OBS Video Scheduler - Web application enabling scheduling video playbacks during the broadcast



> Tomcat web application that enables scheduling of pre-recorded videos playbacks during OBS broadcast and creating a video plan ahead of the broadcast. Scheduled videos will automatically start in the correct layer.
> 
> Currently two interfaces are supported:
> 
> ...



Read more about this resource...


----------



## Surge42 (Nov 30, 2020)

Pashkal, your software is VERY interesting. I'm going to make a video tutorial about it at my channel.


----------



## parrot2602 (Dec 8, 2020)

Great @ Scott i will watch! thx @Surge42


----------



## pashkal (Dec 12, 2020)

Hey @Surge42 ! I’m really glad you found it useful and excited to watch the video once it comes out!


----------



## bcoyle (Dec 12, 2020)

Surge42 said:


> Pashkal, your software is VERY interesting. I'm going to make a video tutorial about it at my channel.


Did you try it out?


----------



## Surge42 (Dec 14, 2020)

Not yet.  I have two videos in que then I'm working on yours.  I'm getting burned out as of late. YouTube is grind like no other.  I need sleep in a big way.


----------



## bcoyle (Dec 17, 2020)

Surge42 said:


> Not yet.  I have two videos in que then I'm working on yours.  I'm getting burned out as of late. YouTube is grind like no other.  I need sleep in a big way.

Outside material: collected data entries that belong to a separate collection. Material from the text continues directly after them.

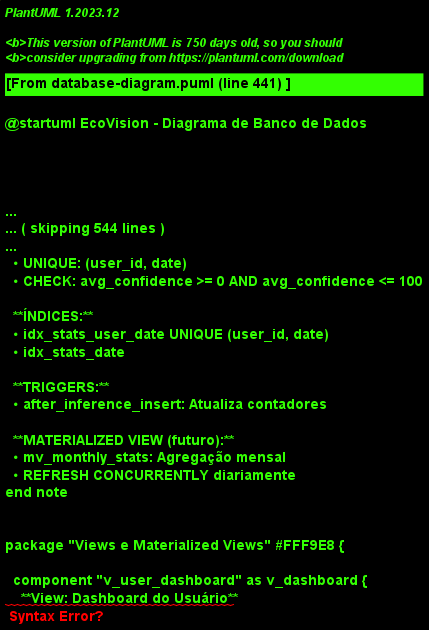

The diagram above was rendered by PlantUML. Its source (embedded in the PNG):
@startuml EcoVision - Diagrama de Banco de Dados
!theme plain
skinparam backgroundColor #FFFFFF
skinparam defaultFontSize 12
skinparam linetype ortho

title EcoVision - Modelo de Dados (PostgreSQL + Supabase)

' ==================== ESQUEMA DE CORES ====================
' Verde: Tabelas principais
' Azul: Tabelas de autenticação (Supabase Auth)
' Amarelo: Tabelas de sistema/config
' Vermelho: Tabelas de logs/auditoria

' ==================== SUPABASE AUTH (Gerenciado) ====================

package "Supabase Auth (Gerenciado pelo Supabase)" #E8F4FD {
  
  entity "auth.users" as auth_users {
    **Gerenciado pelo Supabase**
    --
    * id : uuid <<PK>>
    --
    email : varchar
    encrypted_password : varchar
    email_confirmed_at : timestamp
    created_at : timestamp
    updated_at : timestamp
    last_sign_in_at : timestamp
    raw_app_meta_data : jsonb
    raw_user_meta_data : jsonb
    is_super_admin : boolean
    role : varchar
  }
  
  note right of auth_users
    **Tabela gerenciada pelo Supabase Auth**
    Não modificar diretamente!
    
    Populada automaticamente via:
    • Google OAuth
    • Email/Password
    • Outros providers
    
    Campos importantes:
    • id: UUID do usuário
    • email: Email único
    • raw_user_meta_data: JSON com nome, avatar, etc.
  end note
}

' ==================== TABELAS CUSTOMIZADAS ====================

package "Schema Public (Customizado)" #EDFEF4 {
  
  ' ==================== TABELA DE PERFIS ====================
  
  entity "profiles" as profiles {
    **Perfil do Usuário**
    --
    * id : uuid <<PK, FK>>
    --
    full_name : varchar(255)
    avatar_url : text
    phone : varchar(20)
    company : varchar(255)
    role : varchar(100)
    preferences : jsonb
    total_sessions : integer
    last_session_at : timestamp
    created_at : timestamp
    updated_at : timestamp
  }
  
  note right of profiles
    **Dados adicionais do usuário**
    
    • id: Referência ao auth.users(id)
    • full_name: Nome completo
    • avatar_url: URL do avatar
    • preferences: Configurações do usuário
      {
        "theme": "light",
        "notifications": true,
        "default_model": "YOLOv8n"
      }
    • total_sessions: Contador de sessões
    
    **RLS Habilitado:**
    - Usuário só acessa próprio perfil
  end note
  
  ' ==================== TABELA DE SESSÕES ====================
  
  entity "user_sessions" as sessions {
    **Sessões do Usuário**
    --
    * id : uuid <<PK>>
    --
    user_id : uuid <<FK>>
    session_token : varchar(255)
    started_at : timestamp
    ended_at : timestamp
    duration_seconds : integer
    ip_address : varchar(45)
    user_agent : text
    device_info : jsonb
    inferences_count : integer
    created_at : timestamp
  }
  
  note left of sessions
    **Rastreamento de sessões**
    
    • session_token: Token único da sessão
    • duration_seconds: Duração calculada
    • inferences_count: Total de inferências
    • device_info: JSON com dados do dispositivo
      {
        "browser": "Chrome 120",
        "os": "Windows 10",
        "screen": "1920x1080"
      }
    
    **Triggers:**
    - Auto-calcular duration ao definir ended_at
    - Auto-incrementar total_sessions em profiles
  end note
  
  ' ==================== TABELA DE INFERÊNCIAS ====================
  
  entity "inferences" as inferences {
    **Inferências Realizadas**
    --
    * id : bigserial <<PK>>
    --
    user_id : uuid <<FK>>
    session_id : uuid <<FK>>
    material_detected : varchar(50)
    confidence : decimal(5,2)
    gate_number : integer
    gate_activated : boolean
    model_version : varchar(20)
    processing_time_ms : integer
    image_url : text
    bounding_box : jsonb
    timestamp : timestamp
    created_at : timestamp
  }
  
  note right of inferences
    **Registro de cada detecção**
    
    • material_detected: 
      "papel", "metal", "plastico", "vidro"
    
    • confidence: 0.00 a 100.00
      Ex: 92.50 = 92.5% de confiança
    
    • gate_number: 1, 2 ou 3
    
    • gate_activated: TRUE se acionou
      (depende de confidence >= threshold)
    
    • bounding_box: Coordenadas do box
      {
        "x": 120,
        "y": 80,
        "width": 200,
        "height": 150
      }
    
    • processing_time_ms: Tempo de inferência
    
    **Índices:**
    - idx_user_timestamp
    - idx_session_id
    - idx_material_detected
  end note
  
  ' ==================== TABELA DE CONFIGURAÇÕES ====================
  
  entity "system_config" as config {
    **Configurações do Sistema**
    --
    * id : serial <<PK>>
    --
    user_id : uuid <<FK>>
    gate_1_material : varchar(50)
    gate_2_material : varchar(50)
    gate_3_material : varchar(50)
    min_confidence : integer
    model_version : varchar(20)
    auto_start : boolean
    notification_enabled : boolean
    config_data : jsonb
    is_active : boolean
    created_at : timestamp
    updated_at : timestamp
  }
  
  note left of config
    **Configurações por usuário**
    
    • gate_X_material: Material de cada cancela
    • min_confidence: 50-100 (padrão: 85)
    • model_version: "YOLOv8n", "YOLOv8s", "YOLOv8m"
    • config_data: Configurações extras em JSON
    
    **Unique constraint:**
    - (user_id, is_active) onde is_active = true
    - Apenas 1 config ativa por usuário
  end note
  
  ' ==================== TABELA DE ESTATÍSTICAS ====================
  
  entity "statistics" as stats {
    **Estatísticas Agregadas**
    --
    * id : serial <<PK>>
    --
    user_id : uuid <<FK>>
    session_id : uuid <<FK>>
    date : date
    total_inferences : integer
    papel_count : integer
    metal_count : integer
    plastico_count : integer
    vidro_count : integer
    gate_1_count : integer
    gate_2_count : integer
    gate_3_count : integer
    avg_confidence : decimal(5,2)
    avg_processing_time_ms : integer
    created_at : timestamp
    updated_at : timestamp
  }
  
  note right of stats
    **Agregação diária de dados**
    
    Atualizada via trigger ou job:
    • A cada inferência (trigger)
    • Diariamente à meia-noite (cron job)
    
    **Unique constraint:**
    - (user_id, date)
    - Uma linha por usuário por dia
    
    Facilita queries do dashboard
    sem processar todas as inferências
  end note
  
  ' ==================== TABELA DE LOGS ====================
  
  entity "system_logs" as logs {
    **Logs do Sistema**
    --
    * id : bigserial <<PK>>
    --
    user_id : uuid <<FK>>
    session_id : uuid <<FK>>
    log_level : varchar(20)
    log_type : varchar(50)
    message : text
    details : jsonb
    stack_trace : text
    ip_address : varchar(45)
    timestamp : timestamp
    created_at : timestamp
  }
  
  note left of logs
    **Auditoria e debugging**
    
    • log_level: 
      "DEBUG", "INFO", "WARNING", "ERROR", "CRITICAL"
    
    • log_type:
      "AUTH", "INFERENCE", "SYSTEM", "HARDWARE"
    
    • details: JSON com contexto
      {
        "endpoint": "/modelo/processar",
        "response_time_ms": 234,
        "error_code": null
      }
    
    **Retenção:**
    - DEBUG/INFO: 7 dias
    - WARNING: 30 dias
    - ERROR/CRITICAL: 90 dias
  end note
  
  ' ==================== TABELA KV_STORE (Existente) ====================
  
  entity "kv_store_ea835390" as kv_store {
    **Key-Value Store (Legado)**
    --
    * key : varchar(255) <<PK>>
    --
    value : jsonb
    created_at : timestamp
    updated_at : timestamp
  }
  
  note right of kv_store
    **Armazenamento genérico**
    
    Usado para:
    • Cache temporário
    • Configurações rápidas
    • Dados não estruturados
    
    Prefixos de chaves:
    • "system_config"
    • "detection_{timestamp}"
    • "log_{timestamp}"
    • "session_{id}"
    
    **Migração planejada:**
    Mover dados para tabelas estruturadas
  end note
}

' ==================== RELACIONAMENTOS ====================

auth_users ||--o{ profiles : "1:1 (obrigatório)"
auth_users ||--o{ sessions : "1:N"
auth_users ||--o{ inferences : "1:N"
auth_users ||--o{ config : "1:N"
auth_users ||--o{ stats : "1:N"
auth_users ||--o{ logs : "1:N"

profiles ||--o{ sessions : "1:N"
sessions ||--o{ inferences : "1:N"
sessions ||--o{ stats : "1:1 (opcional)"
sessions ||--o{ logs : "1:N"

config }o--|| profiles : "N:1 (config ativa)"

' ==================== CONSTRAINTS E ÍNDICES ====================

note top of profiles
  **CONSTRAINTS:**
  • PK: id (uuid)
  • FK: id → auth.users(id) ON DELETE CASCADE
  • UNIQUE: id
  
  **ÍNDICES:**
  • idx_profiles_id (PK automático)
  • idx_profiles_updated_at
  
  **RLS (Row Level Security):**
  • SELECT: auth.uid() = id
  • UPDATE: auth.uid() = id
  • INSERT: auth.uid() = id
  • DELETE: auth.uid() = id
end note

note top of sessions
  **CONSTRAINTS:**
  • PK: id (uuid)
  • FK: user_id → auth.users(id) ON DELETE CASCADE
  • CHECK: ended_at IS NULL OR ended_at > started_at
  • CHECK: inferences_count >= 0
  
  **ÍNDICES:**
  • idx_sessions_user_id
  • idx_sessions_started_at
  • idx_sessions_token UNIQUE
  
  **TRIGGERS:**
  • before_session_end: Calcula duration_seconds
  • after_session_end: Incrementa profiles.total_sessions
end note

note top of inferences
  **CONSTRAINTS:**
  • PK: id (bigserial)
  • FK: user_id → auth.users(id) ON DELETE CASCADE
  • FK: session_id → user_sessions(id) ON DELETE SET NULL
  • CHECK: confidence >= 0 AND confidence <= 100
  • CHECK: gate_number IN (1, 2, 3)
  • CHECK: material_detected IN ('papel', 'metal', 'plastico', 'vidro')
  
  **ÍNDICES:**
  • idx_inferences_user_timestamp (user_id, timestamp DESC)
  • idx_inferences_session_id
  • idx_inferences_material
  • idx_inferences_timestamp
  
  **PARTICIONAMENTO (futuro):**
  • Por timestamp (mensal)
  • Para melhor performance em grandes volumes
end note

note bottom of config
  **CONSTRAINTS:**
  • PK: id (serial)
  • FK: user_id → auth.users(id) ON DELETE CASCADE
  • UNIQUE: (user_id, is_active) WHERE is_active = true
  • CHECK: min_confidence >= 50 AND min_confidence <= 100
  • CHECK: model_version IN ('YOLOv8n', 'YOLOv8s', 'YOLOv8m')
  
  **ÍNDICES:**
  • idx_config_user_active (user_id, is_active)
  
  **DEFAULT VALUES:**
  • min_confidence: 85
  • model_version: 'YOLOv8n'
  • auto_start: false
  • notification_enabled: true
end note

note bottom of stats
  **CONSTRAINTS:**
  • PK: id (serial)
  • FK: user_id → auth.users(id) ON DELETE CASCADE
  • FK: session_id → user_sessions(id) ON DELETE SET NULL
  • UNIQUE: (user_id, date)
  • CHECK: avg_confidence >= 0 AND avg_confidence <= 100
  
  **ÍNDICES:**
  • idx_stats_user_date UNIQUE (user_id, date)
  • idx_stats_date
  
  **TRIGGERS:**
  • after_inference_insert: Atualiza contadores
  
  **MATERIALIZED VIEW (futuro):**
  • mv_monthly_stats: Agregação mensal
  • REFRESH CONCURRENTLY diariamente
end note

' ==================== VIEWS ====================

package "Views e Materialized Views" #FFF9E8 {
  
  component "v_user_dashboard" as v_dashboard {
    **View: Dashboard do Usuário**
    --
    SELECT
      u.id,
      p.full_name,
      p.total_sessions,
      COUNT(DISTINCT s.id) as active_sessions,
      COUNT(i.id) as total_inferences,
      AVG(i.confidence) as avg_confidence
    FROM auth.users u
    JOIN profiles p ON u.id = p.id
    LEFT JOIN user_sessions s ON u.id = s.user_id
    LEFT JOIN inferences i ON u.id = i.user_id
    WHERE s.ended_at IS NULL
    GROUP BY u.id, p.full_name
  }
  
  component "v_session_summary" as v_session {
    **View: Resumo de Sessão**
    --
    SELECT
      s.id,
      s.user_id,
      s.started_at,
      s.ended_at,
      COUNT(i.id) as inferences_count,
      AVG(i.confidence) as avg_confidence,
      SUM(CASE WHEN i.gate_activated THEN 1 ELSE 0 END) as activations_count
    FROM user_sessions s
    LEFT JOIN inferences i ON s.id = i.session_id
    GROUP BY s.id
  }
  
  component "v_material_stats" as v_material {
    **View: Estatísticas por Material**
    --
    SELECT
      user_id,
      material_detected,
      DATE(timestamp) as date,
      COUNT(*) as count,
      AVG(confidence) as avg_confidence,
      MIN(confidence) as min_confidence,
      MAX(confidence) as max_confidence
    FROM inferences
    GROUP BY user_id, material_detected, DATE(timestamp)
  }
}

' ==================== FUNÇÕES E TRIGGERS ====================

package "Functions & Triggers" #DC1F2E {
  
  component "fn_create_profile()" as fn_profile {
    **Function: Criar Perfil**
    --
    Trigger: AFTER INSERT ON auth.users
    
    BEGIN
      INSERT INTO profiles (id, full_name)
      VALUES (
        NEW.id,
        NEW.raw_user_meta_data->>'name'
      );
    END;
  }
  
  component "fn_update_session_duration()" as fn_duration {
    **Function: Atualizar Duração**
    --
    Trigger: BEFORE UPDATE ON user_sessions
    
    BEGIN
      IF NEW.ended_at IS NOT NULL THEN
        NEW.duration_seconds := 
          EXTRACT(EPOCH FROM 
            (NEW.ended_at - NEW.started_at)
          );
      END IF;
      RETURN NEW;
    END;
  }
  
  component "fn_increment_session_counter()" as fn_counter {
    **Function: Incrementar Contador**
    --
    Trigger: AFTER UPDATE ON user_sessions
    
    BEGIN
      IF NEW.ended_at IS NOT NULL 
         AND OLD.ended_at IS NULL THEN
        UPDATE profiles
        SET total_sessions = total_sessions + 1,
            last_session_at = NEW.ended_at
        WHERE id = NEW.user_id;
      END IF;
    END;
  }
  
  component "fn_update_statistics()" as fn_stats {
    **Function: Atualizar Estatísticas**
    --
    Trigger: AFTER INSERT ON inferences
    
    BEGIN
      INSERT INTO statistics (
        user_id, date, total_inferences, ...
      ) VALUES (
        NEW.user_id, DATE(NEW.timestamp), 1, ...
      )
      ON CONFLICT (user_id, date)
      DO UPDATE SET
        total_inferences = statistics.total_inferences + 1,
        [material]_count = CASE 
          WHEN NEW.material_detected = '[material]' 
          THEN statistics.[material]_count + 1 
          ELSE statistics.[material]_count 
        END;
    END;
  }
}

auth_users --> fn_profile : "AFTER INSERT"
sessions --> fn_duration : "BEFORE UPDATE"
sessions --> fn_counter : "AFTER UPDATE"
inferences --> fn_stats : "AFTER INSERT"

' ==================== LEGENDA ====================

legend right
  **Tipos de Dados:**
  • uuid: Identificador único universal
  • bigserial: Auto-incremento (64-bit)
  • serial: Auto-incremento (32-bit)
  • varchar(n): String com limite
  • text: String sem limite
  • jsonb: JSON binário (indexável)
  • decimal(5,2): Número decimal (ex: 92.50)
  • integer: Número inteiro
  • boolean: true/false
  • timestamp: Data e hora
  • date: Apenas data
  
  **Relacionamentos:**
  ||--o{ : Um para muitos
  ||--|| : Um para um
  }o--|| : Muitos para um
  
  **Constraints:**
  • PK: Primary Key
  • FK: Foreign Key
  • UNIQUE: Valor único
  • CHECK: Validação customizada
  
  **Cores:**
  |<#E8F4FD>  | Supabase Auth (gerenciado) |
  |<#EDFEF4>  | Tabelas customizadas |
  |<#FFF9E8>  | Views e queries |
  |<#DC1F2E>  | Functions e triggers |
endlegend

' ==================== OBSERVAÇÕES ====================

note bottom of kv_store
  **MIGRAÇÃO PLANEJADA:**
  
  1. Fase 1: Criar tabelas estruturadas ✅
  2. Fase 2: Migrar dados do kv_store
  3. Fase 3: Atualizar aplicação para usar novas tabelas
  4. Fase 4: Depreciar kv_store
  
  **Status:** Fase 1 completa
end note

@enduml

Hi Surge42. I'm not the author, just another member wanting to know if you viewed this app and what you found. Also where do I search on youtube for you


----------



## Surge42 (Dec 22, 2020)

bcoyle said:


> Hi Surge42. I'm not the author, just another member wanting to know if you viewed this app and what you found. Also where do I search on youtube for you



Just search my name "Scott Fichter"


----------



## bcoyle (Dec 22, 2020)

Surge42 said:


> Just search my name "Scott Fichter"


You might want to come over to  Automate 24/7 Stream for a scheduled Playlist . We are trying to do a tv station


----------



## tedbragg (Jan 20, 2021)

Could someone PLEASE make an instruction video how to get this installed? I've spent 3 days with seven attempts to get it working -- and I'm a mess. Please -- I need this BADLY and I've had to factory restore my only PC twice.


----------



## pashkal (Jan 21, 2021)

Hi @tedbragg , I know the installation is currently a big pain point. I’m thinking about ways to make it easier, but so far I don’t have anything comprehensive unfortunately.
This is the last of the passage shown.